Sekarang giliran Kanselir Jerman Olaf Scholz menghadap MBS. Dia dijadwalkan bertemu putra mahkota di Riyadh hari Sabtu (24/9) selama kunjungan dua hari ke Teluk. Uni Emirat Arab (UEA) dan Qatar adalah dua pemberhentian lainnya.
Sementara banyak politisi Jerman dan kelompok hak asasi manusia secara terbuka meminta pemerintah Jerman dan Olaf Scholz tetap menyuarakan catatan hak asasi manusia yang buruk di Arab Saudi, direktur GIGA Institute of Middle East Studies Eckhart Woertz mengatakan prioritas Jerman memang sudah berubah.

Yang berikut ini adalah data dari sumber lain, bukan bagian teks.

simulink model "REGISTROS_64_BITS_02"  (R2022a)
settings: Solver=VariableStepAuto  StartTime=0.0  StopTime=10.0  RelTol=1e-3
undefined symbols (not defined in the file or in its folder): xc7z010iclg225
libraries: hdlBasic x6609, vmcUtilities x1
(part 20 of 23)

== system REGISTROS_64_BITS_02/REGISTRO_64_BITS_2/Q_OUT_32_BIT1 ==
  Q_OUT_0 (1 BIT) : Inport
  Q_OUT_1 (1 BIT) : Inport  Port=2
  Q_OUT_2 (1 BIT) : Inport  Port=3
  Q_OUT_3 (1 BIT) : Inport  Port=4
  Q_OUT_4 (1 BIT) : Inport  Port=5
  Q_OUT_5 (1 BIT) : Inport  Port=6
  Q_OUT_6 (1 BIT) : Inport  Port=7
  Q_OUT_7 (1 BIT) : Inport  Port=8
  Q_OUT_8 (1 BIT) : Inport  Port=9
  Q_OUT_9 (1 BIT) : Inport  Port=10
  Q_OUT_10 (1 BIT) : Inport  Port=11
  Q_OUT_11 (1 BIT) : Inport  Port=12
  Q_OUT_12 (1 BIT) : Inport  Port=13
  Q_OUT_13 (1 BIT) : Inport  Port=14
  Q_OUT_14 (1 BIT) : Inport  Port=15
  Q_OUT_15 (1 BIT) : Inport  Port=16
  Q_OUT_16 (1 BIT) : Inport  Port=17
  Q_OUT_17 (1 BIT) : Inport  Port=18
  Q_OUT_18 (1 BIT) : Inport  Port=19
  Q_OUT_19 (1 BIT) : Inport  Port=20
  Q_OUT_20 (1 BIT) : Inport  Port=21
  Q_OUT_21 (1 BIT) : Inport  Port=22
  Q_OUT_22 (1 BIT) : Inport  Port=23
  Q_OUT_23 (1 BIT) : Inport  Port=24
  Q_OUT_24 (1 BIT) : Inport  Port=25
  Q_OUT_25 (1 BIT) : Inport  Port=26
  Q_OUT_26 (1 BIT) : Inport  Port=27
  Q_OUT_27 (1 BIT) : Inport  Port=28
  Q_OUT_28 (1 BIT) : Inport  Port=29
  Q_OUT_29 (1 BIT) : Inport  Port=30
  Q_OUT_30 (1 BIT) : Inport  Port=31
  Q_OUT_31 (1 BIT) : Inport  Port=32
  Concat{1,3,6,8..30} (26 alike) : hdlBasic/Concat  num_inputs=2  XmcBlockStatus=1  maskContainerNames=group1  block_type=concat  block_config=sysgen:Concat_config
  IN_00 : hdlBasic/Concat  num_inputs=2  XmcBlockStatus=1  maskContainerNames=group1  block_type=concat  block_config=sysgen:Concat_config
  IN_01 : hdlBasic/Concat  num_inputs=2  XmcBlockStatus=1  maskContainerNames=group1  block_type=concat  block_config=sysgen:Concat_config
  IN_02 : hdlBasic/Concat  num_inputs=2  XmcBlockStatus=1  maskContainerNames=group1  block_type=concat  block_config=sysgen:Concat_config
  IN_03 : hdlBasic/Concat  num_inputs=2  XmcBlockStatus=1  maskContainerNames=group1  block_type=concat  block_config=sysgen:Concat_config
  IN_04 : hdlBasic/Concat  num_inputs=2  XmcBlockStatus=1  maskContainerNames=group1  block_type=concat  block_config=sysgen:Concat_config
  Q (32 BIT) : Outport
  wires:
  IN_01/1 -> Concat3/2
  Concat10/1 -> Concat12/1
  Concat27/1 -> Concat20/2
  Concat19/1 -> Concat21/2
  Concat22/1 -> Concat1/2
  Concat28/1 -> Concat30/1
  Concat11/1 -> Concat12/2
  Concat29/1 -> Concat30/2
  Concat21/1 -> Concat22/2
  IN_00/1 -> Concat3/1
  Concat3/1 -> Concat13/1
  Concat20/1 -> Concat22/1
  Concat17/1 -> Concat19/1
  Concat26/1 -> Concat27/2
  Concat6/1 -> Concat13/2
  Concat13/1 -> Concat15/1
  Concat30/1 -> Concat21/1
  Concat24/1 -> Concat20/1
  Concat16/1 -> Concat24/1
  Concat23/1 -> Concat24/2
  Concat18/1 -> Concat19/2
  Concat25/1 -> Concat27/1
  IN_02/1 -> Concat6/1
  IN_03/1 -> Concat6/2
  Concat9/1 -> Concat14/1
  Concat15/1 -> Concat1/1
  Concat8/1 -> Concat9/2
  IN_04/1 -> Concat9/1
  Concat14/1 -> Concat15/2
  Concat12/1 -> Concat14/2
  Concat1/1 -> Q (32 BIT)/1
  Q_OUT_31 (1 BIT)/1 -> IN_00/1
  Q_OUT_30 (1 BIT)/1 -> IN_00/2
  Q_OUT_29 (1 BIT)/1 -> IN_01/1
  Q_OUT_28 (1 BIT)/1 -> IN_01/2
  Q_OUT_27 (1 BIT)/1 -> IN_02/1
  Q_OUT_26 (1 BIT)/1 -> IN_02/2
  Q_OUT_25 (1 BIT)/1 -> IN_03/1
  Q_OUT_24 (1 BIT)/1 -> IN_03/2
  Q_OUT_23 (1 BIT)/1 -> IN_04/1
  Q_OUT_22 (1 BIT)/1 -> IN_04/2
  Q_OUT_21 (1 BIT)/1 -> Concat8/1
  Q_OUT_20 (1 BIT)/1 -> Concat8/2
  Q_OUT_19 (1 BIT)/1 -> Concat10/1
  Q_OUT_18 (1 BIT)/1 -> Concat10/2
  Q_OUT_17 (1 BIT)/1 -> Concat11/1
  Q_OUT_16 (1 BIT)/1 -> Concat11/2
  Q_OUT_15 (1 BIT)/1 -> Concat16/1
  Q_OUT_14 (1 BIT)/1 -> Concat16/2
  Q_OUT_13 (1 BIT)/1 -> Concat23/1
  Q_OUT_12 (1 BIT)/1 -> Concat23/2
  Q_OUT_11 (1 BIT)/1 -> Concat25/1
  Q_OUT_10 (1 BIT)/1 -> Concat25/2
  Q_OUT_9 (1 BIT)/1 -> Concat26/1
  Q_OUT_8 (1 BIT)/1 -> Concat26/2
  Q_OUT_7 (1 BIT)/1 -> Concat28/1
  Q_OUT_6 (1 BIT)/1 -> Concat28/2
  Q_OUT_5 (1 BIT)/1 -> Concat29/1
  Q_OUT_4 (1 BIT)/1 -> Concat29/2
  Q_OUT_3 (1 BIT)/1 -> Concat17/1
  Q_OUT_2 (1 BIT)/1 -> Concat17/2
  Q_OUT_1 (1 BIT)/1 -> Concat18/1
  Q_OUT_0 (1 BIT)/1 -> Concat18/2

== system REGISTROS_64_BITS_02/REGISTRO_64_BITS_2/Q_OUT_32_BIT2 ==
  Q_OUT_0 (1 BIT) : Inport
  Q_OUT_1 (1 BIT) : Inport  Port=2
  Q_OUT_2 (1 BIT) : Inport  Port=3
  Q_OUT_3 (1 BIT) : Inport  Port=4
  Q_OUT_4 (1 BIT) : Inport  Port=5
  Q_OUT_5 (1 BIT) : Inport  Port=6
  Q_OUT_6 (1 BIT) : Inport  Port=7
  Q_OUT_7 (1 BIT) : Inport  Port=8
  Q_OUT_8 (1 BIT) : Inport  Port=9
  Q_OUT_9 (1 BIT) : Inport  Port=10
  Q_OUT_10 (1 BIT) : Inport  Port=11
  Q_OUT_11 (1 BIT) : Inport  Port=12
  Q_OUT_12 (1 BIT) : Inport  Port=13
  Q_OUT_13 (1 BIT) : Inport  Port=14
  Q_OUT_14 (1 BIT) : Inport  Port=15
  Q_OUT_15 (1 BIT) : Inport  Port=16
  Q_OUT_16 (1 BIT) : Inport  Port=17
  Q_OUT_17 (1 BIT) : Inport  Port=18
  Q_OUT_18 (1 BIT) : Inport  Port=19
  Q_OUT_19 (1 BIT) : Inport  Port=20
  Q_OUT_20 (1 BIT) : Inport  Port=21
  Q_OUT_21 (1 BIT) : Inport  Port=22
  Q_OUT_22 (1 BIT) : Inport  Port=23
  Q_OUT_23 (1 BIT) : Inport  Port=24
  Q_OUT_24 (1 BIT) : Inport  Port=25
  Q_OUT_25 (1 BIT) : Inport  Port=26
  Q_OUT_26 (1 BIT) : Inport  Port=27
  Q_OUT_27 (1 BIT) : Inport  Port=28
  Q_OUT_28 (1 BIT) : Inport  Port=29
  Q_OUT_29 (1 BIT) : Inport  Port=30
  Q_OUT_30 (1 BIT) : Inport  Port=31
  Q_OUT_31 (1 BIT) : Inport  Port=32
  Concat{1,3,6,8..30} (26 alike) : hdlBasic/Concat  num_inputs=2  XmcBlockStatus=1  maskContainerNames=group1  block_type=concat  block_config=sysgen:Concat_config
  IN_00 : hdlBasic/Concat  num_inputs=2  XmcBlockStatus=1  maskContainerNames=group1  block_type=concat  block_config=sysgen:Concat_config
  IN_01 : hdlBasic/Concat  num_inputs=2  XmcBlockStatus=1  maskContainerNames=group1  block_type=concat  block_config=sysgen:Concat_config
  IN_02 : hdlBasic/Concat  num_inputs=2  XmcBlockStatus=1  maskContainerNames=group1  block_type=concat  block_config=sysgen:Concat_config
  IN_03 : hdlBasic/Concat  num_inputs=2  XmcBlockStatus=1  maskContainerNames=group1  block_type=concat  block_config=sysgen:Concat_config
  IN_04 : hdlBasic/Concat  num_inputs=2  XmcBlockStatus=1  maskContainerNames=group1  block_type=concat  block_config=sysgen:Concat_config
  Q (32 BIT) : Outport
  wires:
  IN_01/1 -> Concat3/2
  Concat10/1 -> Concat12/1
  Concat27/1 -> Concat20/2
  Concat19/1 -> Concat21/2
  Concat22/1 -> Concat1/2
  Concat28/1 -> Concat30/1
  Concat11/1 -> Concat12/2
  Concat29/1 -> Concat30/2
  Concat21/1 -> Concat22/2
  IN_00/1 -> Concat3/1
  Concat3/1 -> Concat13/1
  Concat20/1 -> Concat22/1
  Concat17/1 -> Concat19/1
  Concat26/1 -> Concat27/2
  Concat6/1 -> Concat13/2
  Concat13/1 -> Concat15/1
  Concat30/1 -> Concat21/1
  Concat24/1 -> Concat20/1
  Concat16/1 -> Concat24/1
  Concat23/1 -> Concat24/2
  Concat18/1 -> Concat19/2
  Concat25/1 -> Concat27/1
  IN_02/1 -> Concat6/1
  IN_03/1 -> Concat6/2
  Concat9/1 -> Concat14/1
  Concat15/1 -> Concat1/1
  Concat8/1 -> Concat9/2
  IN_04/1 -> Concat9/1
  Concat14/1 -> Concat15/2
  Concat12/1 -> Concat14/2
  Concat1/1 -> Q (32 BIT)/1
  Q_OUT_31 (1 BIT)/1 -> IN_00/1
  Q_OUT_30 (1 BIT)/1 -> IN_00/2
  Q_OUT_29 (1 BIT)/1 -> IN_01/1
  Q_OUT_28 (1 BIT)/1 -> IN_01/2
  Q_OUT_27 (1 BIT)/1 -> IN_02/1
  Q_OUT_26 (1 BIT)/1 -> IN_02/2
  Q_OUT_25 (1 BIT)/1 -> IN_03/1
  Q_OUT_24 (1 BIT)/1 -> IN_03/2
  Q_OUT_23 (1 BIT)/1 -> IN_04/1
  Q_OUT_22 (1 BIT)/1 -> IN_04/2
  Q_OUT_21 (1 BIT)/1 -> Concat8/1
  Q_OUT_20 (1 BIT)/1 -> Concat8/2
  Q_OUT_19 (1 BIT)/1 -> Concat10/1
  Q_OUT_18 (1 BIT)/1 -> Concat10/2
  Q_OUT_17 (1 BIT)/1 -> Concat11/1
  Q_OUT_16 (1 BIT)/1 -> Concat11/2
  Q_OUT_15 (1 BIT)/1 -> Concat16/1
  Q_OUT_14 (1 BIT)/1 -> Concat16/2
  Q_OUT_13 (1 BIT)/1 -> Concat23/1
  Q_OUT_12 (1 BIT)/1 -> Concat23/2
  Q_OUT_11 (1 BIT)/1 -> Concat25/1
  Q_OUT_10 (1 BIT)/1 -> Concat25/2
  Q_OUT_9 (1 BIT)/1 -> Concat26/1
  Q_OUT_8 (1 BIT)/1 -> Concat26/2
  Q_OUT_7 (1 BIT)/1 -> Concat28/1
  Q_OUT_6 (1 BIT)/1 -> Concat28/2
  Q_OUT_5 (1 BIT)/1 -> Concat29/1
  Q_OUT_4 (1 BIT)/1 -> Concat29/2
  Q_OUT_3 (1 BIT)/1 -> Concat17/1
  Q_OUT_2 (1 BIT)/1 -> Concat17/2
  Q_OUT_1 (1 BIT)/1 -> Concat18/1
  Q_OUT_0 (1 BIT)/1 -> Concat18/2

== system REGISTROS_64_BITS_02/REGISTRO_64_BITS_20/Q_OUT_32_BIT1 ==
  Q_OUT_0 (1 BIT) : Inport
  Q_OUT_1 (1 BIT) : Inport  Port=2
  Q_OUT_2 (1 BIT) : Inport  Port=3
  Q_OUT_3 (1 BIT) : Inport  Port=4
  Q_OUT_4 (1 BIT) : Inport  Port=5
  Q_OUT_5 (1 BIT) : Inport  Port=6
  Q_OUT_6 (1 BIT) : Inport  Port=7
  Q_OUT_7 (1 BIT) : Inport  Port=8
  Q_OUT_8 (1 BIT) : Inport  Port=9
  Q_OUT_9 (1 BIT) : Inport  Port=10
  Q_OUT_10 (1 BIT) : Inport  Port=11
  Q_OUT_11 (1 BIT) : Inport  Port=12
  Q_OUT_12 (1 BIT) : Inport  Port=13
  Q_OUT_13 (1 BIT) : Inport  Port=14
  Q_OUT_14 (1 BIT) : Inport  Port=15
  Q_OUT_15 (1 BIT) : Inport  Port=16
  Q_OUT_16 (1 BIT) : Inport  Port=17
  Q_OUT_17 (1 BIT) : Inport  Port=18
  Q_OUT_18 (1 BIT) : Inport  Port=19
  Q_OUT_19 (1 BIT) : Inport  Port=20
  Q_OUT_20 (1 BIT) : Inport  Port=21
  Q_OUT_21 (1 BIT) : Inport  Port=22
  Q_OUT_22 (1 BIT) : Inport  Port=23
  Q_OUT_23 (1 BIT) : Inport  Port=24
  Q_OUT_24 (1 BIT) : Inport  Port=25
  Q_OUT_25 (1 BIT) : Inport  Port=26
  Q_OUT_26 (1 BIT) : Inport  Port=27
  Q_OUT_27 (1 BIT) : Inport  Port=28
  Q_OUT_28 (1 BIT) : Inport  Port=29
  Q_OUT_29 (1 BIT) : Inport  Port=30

"Prioritas bergeser" akibat perang di Ukraina
"Tentu saja ada sedikit kecenderungan untuk mengangkat isu hak asasi manusia ketika berhadapan dengan eksportir energi di Kawqasan Teluk saat ini. Tapi prioritas telah bergeser sebagai akibat dari perang Ukraina. Saya tidak pikir mereka akan terlalu tertekan, katakanlah seperti itu," kata Eckhardt Woertz kepada DW.
Iklan
Berlin saat ini memang mengharapkan bisa membuat kesepakatan energi jangka panjang seperti yang sudah ditandatangani dengan Qatar dan Uni Emirat Arab (UEA) untuk menggantikan pasokan dari Rusia. Tetapi belum tentu kesepakatan semacam itu bisa dicapai dengan Arab Saudi.
"Arab Saudi menghasilkan banyak gas alam, tetapi mereka membutuhkannya untuk industrialisasi domestik mereka," kata Eckhart Woertz.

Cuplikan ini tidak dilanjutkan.